(DATA SHOWN begins)
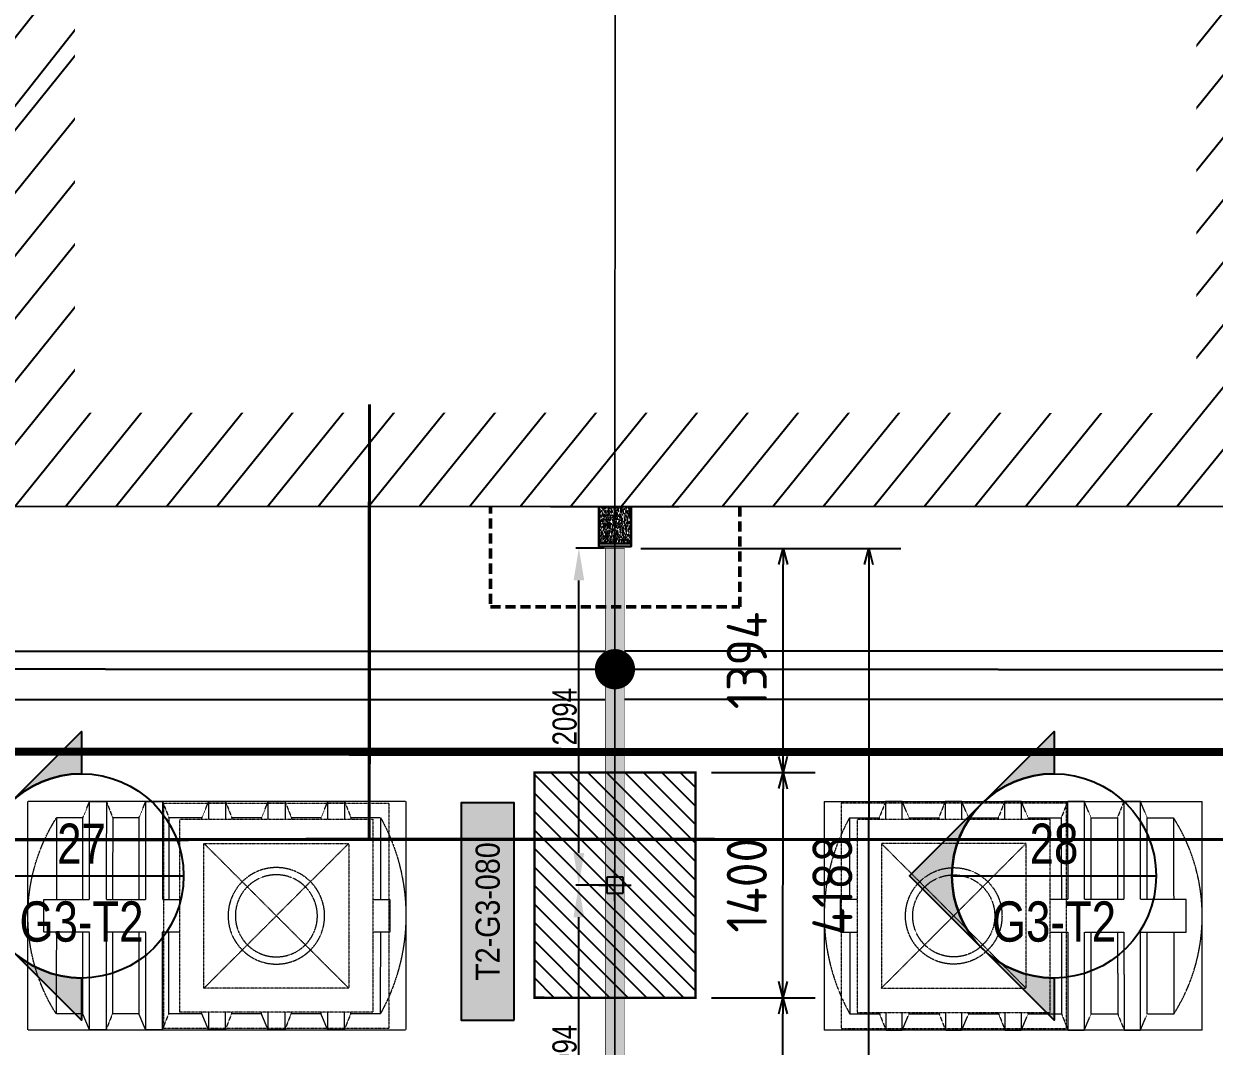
# Model space of a CAD drawing. Header units: centimetres. Extents: x -6122352 to 7132207, y -1694241 to 1947892.
# Drawn here: x 58848 to 66248, y -107290 to -100933 of the extents above; entities that cross this region are included whole.
import ezdxf
from ezdxf.enums import TextEntityAlignment as Align
from ezdxf.xclip import XClip

# ---------------------------------------------------------------- set-up
doc = ezdxf.new("R2010")
doc.units = ezdxf.units.CM
doc.header["$MEASUREMENT"] = 0
doc.header["$XCLIPFRAME"] = 2
doc.header["$PDMODE"] = 66
doc.header["$PDSIZE"] = 100
for name, pattern in [('DASHED2', [0.375, 0.25, -0.125]), ('HIDDEN', [0.375, 0.25, -0.125]), ('XR-AR-END-SETTING OUT PLAN$0$23261-XR-AR-SI-GF$0$HIDDEN', [0.375, 0.25, -0.125])]:
    doc.linetypes.add(name, pattern=pattern)
for name, color, linetype in [('00-MI-DIM', 7, 'Continuous'), ('23585-XR-AR-BOUNDARY WALLS AND SETBACKS$0$setback', 7, 'XR-AR-END-SETTING OUT PLAN$0$23261-XR-AR-SI-GF$0$HIDDEN'), ('@MI-FOOTINGS', 7, 'Continuous'), ('@MI-REF LAYER', 7, 'Continuous'), ('@MI-TYPE-02', 6, 'Continuous'), ('B_TH_4', 7, 'Continuous'), ('PANEL-TAGS', 7, 'Continuous'), ('VD-WS-WATER TANK', 7, 'Continuous'), ('XR-AR-MID-SETTING OUT FOR MASTER$0$23585-XR-AR-MID-GROUND FLOOR$0$A-Flor-Strs', 1, 'Continuous'), ('XR-AR-MID-SETTING OUT FOR MASTER$0$23585-XR-AR-MID-GROUND FLOOR$0$GS-HATCH-FLOOR TILE', 251, 'Continuous')]:
    doc.layers.add(name, color=color, linetype=linetype)
for name, color, linetype, lineweight in [('23585-XR-AR-DAMAC PLOT LIMITS$0$1-Mid units', 41, 'Continuous', 5), ('@ Foundations', 4, 'DASHED2', 50), ('A-ANNO-TEXT', 3, 'Continuous', 25), ('XR-AR-MID-SETTING OUT FOR MASTER$0$23585-XR-AR-MID-GROUND FLOOR$0$$A-GLAZ-WNDO', 232, 'Continuous', 9), ('XR-AR-MID-SETTING OUT FOR MASTER$0$23585-XR-AR-MID-GROUND FLOOR$0$A-GLAZ-SILL', 8, 'Continuous', 5), ('XR-AR-MID-SETTING OUT FOR MASTER$0$23585-XR-AR-MID-GROUND FLOOR$0$A-GLAZ-WNDO', 232, 'Continuous', 9), ('XR-AR-MID-SETTING OUT FOR MASTER$0$23585-XR-AR-MID-GROUND FLOOR$0$A-WALL', 7, 'Continuous', 30), ('XR-AR-MID-SETTING OUT FOR MASTER$0$23585-XR-AR-MID-GROUND FLOOR$0$S-COLS', 51, 'Continuous', 40)]:
    doc.layers.add(name, color=color, linetype=linetype, lineweight=lineweight)
doc.styles.add('Arial Narrow', font='ARIALN.TTF', dxfattribs={"width": 0.95, "height": 500})
doc.styles.add('JWC 1.50MM', font='GOTHIC.TTF', dxfattribs={"width": 0.8, "height": 1.5})
doc.styles.add('PANELTAG_STYLE', font='arial.ttf')
doc.styles.add('Schueco-BEMSTIL', font='isocpeur.ttf', dxfattribs={"width": 0.9})
doc.dimstyles.new('JWC - 1.5', dxfattribs={"dimtxt": 1.5, "dimasz": 2, "dimexe": 0.18, "dimexo": 0.06, "dimgap": 0.09, "dimtad": 1, "dimtoh": 1, "dimdec": 0, "dimzin": 0, "dimdsep": 46, "dimtxsty": 'JWC 1.50MM', "dimcen": 0.09, "dimclrd": 1, "dimclre": 1, "dimclrt": 2, "dimadec": 0, "dimazin": 0, "dimtfac": 1, "dimtdec": 0, "dimtofl": 0, "dimtmove": 0, "dimatfit": 3, "dimfxl": 30, "dimtolj": 1, "dimtzin": 0, "dimarcsym": 0})
doc.dimstyles.new('MI- JWC-TXT-2.5 MM', dxfattribs={"dimscale": 1.5, "dimtxt": 2.5, "dimasz": 1, "dimexe": 2, "dimexo": 1, "dimgap": 1, "dimtad": 1, "dimdec": 0, "dimdsep": 46, "dimtxsty": 'Schueco-BEMSTIL', "dimblk": 'OPEN30', "dimcen": 0, "dimdle": 2, "dimclrd": 140, "dimclre": 8, "dimclrt": 40, "dimadec": 0, "dimazin": 2, "dimtfac": 1, "dimtdec": 0, "dimtix": 1, "dimtmove": 2, "dimatfit": 3, "dimldrblk": 'OPEN', "dimfxl": 2, "dimlwd": -1, "dimlwe": -1, "dimarcsym": 0})

# ---------------------------------------------------------------- blocks, each defined once
blk = doc.blocks.new('23585-XR-AR-BOUNDARY WALLS AND SETBACKS')
at = {"layer": '23585-XR-AR-BOUNDARY WALLS AND SETBACKS$0$setback', "ltscale": 40, "const_width": 0.05}
blk.add_lwpolyline([(496528.0138683853, 2768889.53020306), (496513.6369208413, 2768902.703844581), (496509.4820434907, 2768898.169344686), (496505.4284242032, 2768893.745523636), (496501.3750262877, 2768889.321925911), (496497.3216491075, 2768884.898150815), (496493.2682491078, 2768880.474350816), (496489.1135448206, 2768875.940027513), (496503.490752075, 2768862.766296911), (496507.6456059507, 2768867.300802918), (496511.6990474208, 2768871.724448176), (496515.7524017806, 2768876.148198367), (496519.8058017804, 2768880.571998366), (496521.9338264712, 2768882.894425312), (496523.8591744935, 2768884.995768585), (496528.0138683853, 2768889.53020306)], dxfattribs=at)
blk = doc.blocks.new('A$C9d9485f6')
at = {"layer": 'A-ANNO-TEXT', "rotation": 312.4881850805905}
blk.add_blockref('23585-XR-AR-BOUNDARY WALLS AND SETBACKS', (-2377088.534775567, -1504219.252137818), dxfattribs=at)
blk = doc.blocks.new('23585-XR-AR-DAMAC PLOT LIMITS')
at = {"layer": '23585-XR-AR-DAMAC PLOT LIMITS$0$1-Mid units', "color": 251, "true_color": 0x636466}
for points in [[(496513.9108999996, 2768869.697699999), (496496.2156999996, 2768885.911499999), (496500.2691000002, 2768890.3353), (496517.9643000001, 2768874.1215)], [(496509.8574999999, 2768865.2741), (496492.1623, 2768881.4877), (496496.2156999996, 2768885.911499999), (496513.9108999996, 2768869.697699999)]]:
    blk.add_lwpolyline(points, close=True, dxfattribs=at)
blk = doc.blocks.new('A$Cf093b529')
at = {"layer": 'A-ANNO-TEXT'}
blk.add_blockref('23585-XR-AR-DAMAC PLOT LIMITS', (-495391.9901121984, -2768603.441896566), dxfattribs=at)
blk = doc.blocks.new('XR-AR-MID-SETTING OUT FOR MASTER$0$23585-XR-AR-MID-GROUND FLOOR$0$945-4P-1-101-GROUND FLOOR PLAN$0$XR-MIDDLE-GROUND FLOOR PLAN$0$A$C446944C1')
at = {"layer": 'XR-AR-MID-SETTING OUT FOR MASTER$0$23585-XR-AR-MID-GROUND FLOOR$0$A-GLAZ-SILL', "color": 252}
blk.add_line((-2.733431756496429e-07, -4.737777635455132e-05), (5.199999726377428, -4.737754352390766e-05), dxfattribs=at)
for points in [[(2.208076124545187, -0.02284434624016285), (2.208076124545187, -0.1242443462833762), (2.093846930889413, -0.07354434626176953), (2.208076124545187, -0.02284434624016285)], [(2.991923328721896, -0.02284434624016285), (2.991923328721896, -0.1242443462833762), (3.106152522144839, -0.07354434579610825), (2.991923328721896, -0.02284434624016285)]]:
    blk.add_lwpolyline(points, dxfattribs=at)
at = {"layer": 'XR-AR-MID-SETTING OUT FOR MASTER$0$23585-XR-AR-MID-GROUND FLOOR$0$A-GLAZ-WNDO', "color": 252}
for p, q in [((5.199999726610258, 0.2499526219908148), (-2.735760062932968e-07, 0.2499526222236454)), ((-2.735760062932968e-07, 0.2499526222236454), (-2.733431756496429e-07, -4.737777635455132e-05)), ((0.04999972670339048, 0.0999526223167777), (0.04999972647055984, 0.2499526219908148)), ((1.284999726805836, 0.2499526222236454), (1.284999726805836, 0.09995262185111642)), ((1.334999726619571, 0.09995262208394706), (1.334999726619571, 0.2499526222236454)), ((3.864999726880342, 0.0999526223167777), (3.864999726880342, 0.2499526224564761)), ((3.914999726694077, 0.2499526222236454), (3.914999726694077, 0.09995262185111642)), ((5.149999726563692, 0.09995262254960835), (5.149999726796523, 0.2499526222236454)), ((5.199999726610258, 0.2499526219908148), (5.199999726377428, -4.737754352390766e-05)), ((-2.733431756496429e-07, 0.09995262208394706), (2.599999726517126, 0.09995262185111642)), ((5.199999726610258, 0.0999526223167777), (2.599999726517126, 0.09995262185111642))]:
    blk.add_line(p, q, dxfattribs=at)
for points in [[(1.284999726805836, 0.1999526221770793), (0.04999972647055984, 0.1999526226427406)], [(3.914999726694077, 0.1999526221770793), (5.149999726796523, 0.1999526219442487)]]:
    blk.add_lwpolyline(points, dxfattribs=at)
for points in [[(1.224999726749957, 0.03995262226089835), (1.304999726824462, 0.03995262226089835), (1.304999726824462, 0.08995262207463384), (1.224999726517126, 0.08995262230746448)], [(2.51999972644262, 0.03995262226089835), (1.304999726824462, 0.03995262226089835), (1.304999726824462, 0.08995262207463384), (2.519999726675451, 0.08995262207463384)], [(2.599999726517126, 0.03995262226089835), (2.51999972644262, 0.03995262226089835), (2.519999726675451, 0.08995262207463384), (2.599999726517126, 0.08995262254029512)], [(2.599999726517126, 0.03995262226089835), (2.679999726591632, 0.03995262202806771), (2.679999726591632, 0.08995262254029512), (2.599999726517126, 0.08995262254029512)], [(2.679999726591632, 0.03995262202806771), (3.89499972644262, 0.039952622493729), (3.894999726675451, 0.08995262207463384), (2.679999726591632, 0.08995262254029512)], [(3.974999726749957, 0.039952622493729), (3.89499972644262, 0.039952622493729), (3.894999726675451, 0.08995262207463384), (3.974999726749957, 0.08995262230746448)]]:
    blk.add_lwpolyline(points, close=True, dxfattribs=at)
blk = doc.blocks.new('XR-AR-MID-SETTING OUT FOR MASTER$0$23585-XR-AR-MID-GROUND FLOOR$0$A$C08698786')
at = {"layer": 'XR-AR-MID-SETTING OUT FOR MASTER$0$23585-XR-AR-MID-GROUND FLOOR$0$S-COLS', "color": 252, "lineweight": 30}
blk.add_lwpolyline([(5900, 19472.65428233147), (5899.999999761581, 18772.65428209305), (6100, 18772.65428209305), (6099.999999761581, 19472.65428209305)], close=True, dxfattribs=at)
blk = doc.blocks.new('XR-AR-MID-SETTING OUT FOR MASTER')
h = blk.add_hatch()
h.set_pattern_fill('AR-CONC', color=8, scale=0.2, angle=90)
h.set_pattern_definition([(140, (-1262400.083953284, -115249.5658790822), (3.187817107780619, 36.4369337992008), [3.81, -41.91]), (85.00000000000001, (-1262400.083953284, -115249.5658790822), (-38.21136904780703, -7.048684284993866), [3.048, -33.528116834]), (190.4514447, (-1262399.818302584, -115246.5294776823), (-35.02355038243902, 29.38824941807066), [3.23800176, -35.61804892]), (136.1842, (-1262410.243953284, -115249.5658790822), (8.408465586545434, 54.21580817842599), [5.714999999999996, -62.86499999999997]), (186.63555761, (-1262409.543253284, -115245.0478990822), (-49.48522491954431, 47.48082681030061), [4.857004628, -53.427121632]), (81.18415117, (-1262410.243953284, -115249.5658790822), (-49.48522491710654, 47.48082681299541), [4.571993414, -50.291946384]), (111, (-1262407.703953284, -115244.4858790822), (20.45303963741753, 30.3228782538265), [3.81, -41.91]), (56.00000000000004, (-1262407.703953284, -115244.4858790822), (-36.83759322446385, 12.36040566952942), [3.048, -33.528]), (161.451445, (-1262405.999533304, -115241.9589725622), (-16.38455377718105, 42.68328385574323), [3.23800176, -35.61798752]), (127.5, (-1262400.083953284, -115249.5658790822), (-16.91100777463062, 0.6177206501183644), [0, -33.1216, 0, -34.036, 0, -33.655]), (97.49999999999996, (-1262400.083953284, -115249.5658790822), (-20.0361149636239, 13.36393250206115), [0, -19.4056, 0, -32.3596, 0, -12.827]), (57.49999999999999, (-1262400.083953284, -115260.8942790822), (1.14574879853469, 27.11811903337428), [0, -12.69999999999999, 0, -39.62399999999997, 0, -52.57799999999997]), (47.5, (-1262400.083953284, -115265.9742790822), (-5.085298206666605, 29.62583627720361), [0, -16.51, 0, -26.3144, 0, -37.338])])
h.paths.add_polyline_path([(5999.999541923382, 19702.65428161621), (5900.000002175548, 19702.65428161621), (5900.000002175548, 19472.75295772805), (5999.999541923382, 19472.75295772805)])
h.paths.add_polyline_path([(6100.000002175548, 19702.65428161621), (5999.999541923382, 19702.65428161621), (5999.999541923382, 19472.75295772805), (6100.000002175548, 19472.75295772805)])
for points in [[(6100.000002175548, 19702.65428161621), (6100.000002175548, 19722.65428161621), (5900.000002175548, 19722.65428161621), (5900.000002175548, 19702.65428161621)], [(5900.000002175548, 19472.65428161621), (5900.000002175548, 19702.65428161621), (6100.000002175548, 19702.65428161621), (6100.000002175548, 19472.75295772808)]]:
    blk.add_lwpolyline(points)
at = {"layer": 'XR-AR-MID-SETTING OUT FOR MASTER$0$23585-XR-AR-MID-GROUND FLOOR$0$A-Flor-Strs', "color": 8}
for p, q in [((60.05534254956096, 20672.92354680672), (5940.045863168596, 20672.65234583314)), ((60.04151019822535, 20372.92400187173), (5940.031380742199, 20372.65280095958))]:
    blk.add_line(p, q, dxfattribs=at)
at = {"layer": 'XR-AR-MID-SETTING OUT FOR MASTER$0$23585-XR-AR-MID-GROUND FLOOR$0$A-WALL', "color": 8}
(DATA SHOWN ends)
Look for the string "Strs" in the listing above and copy every line holding it.

YOUR SOLUTION:
for name, color, linetype in [('00-MI-DIM', 7, 'Continuous'), ('23585-XR-AR-BOUNDARY WALLS AND SETBACKS$0$setback', 7, 'XR-AR-END-SETTING OUT PLAN$0$23261-XR-AR-SI-GF$0$HIDDEN'), ('@MI-FOOTINGS', 7, 'Continuous'), ('@MI-REF LAYER', 7, 'Continuous'), ('@MI-TYPE-02', 6, 'Continuous'), ('B_TH_4', 7, 'Continuous'), ('PANEL-TAGS', 7, 'Continuous'), ('VD-WS-WATER TANK', 7, 'Continuous'), ('XR-AR-MID-SETTING OUT FOR MASTER$0$23585-XR-AR-MID-GROUND FLOOR$0$A-Flor-Strs', 1, 'Continuous'), ('XR-AR-MID-SETTING OUT FOR MASTER$0$23585-XR-AR-MID-GROUND FLOOR$0$GS-HATCH-FLOOR TILE', 251, 'Continuous')]:
at = {"layer": 'XR-AR-MID-SETTING OUT FOR MASTER$0$23585-XR-AR-MID-GROUND FLOOR$0$A-Flor-Strs', "color": 8}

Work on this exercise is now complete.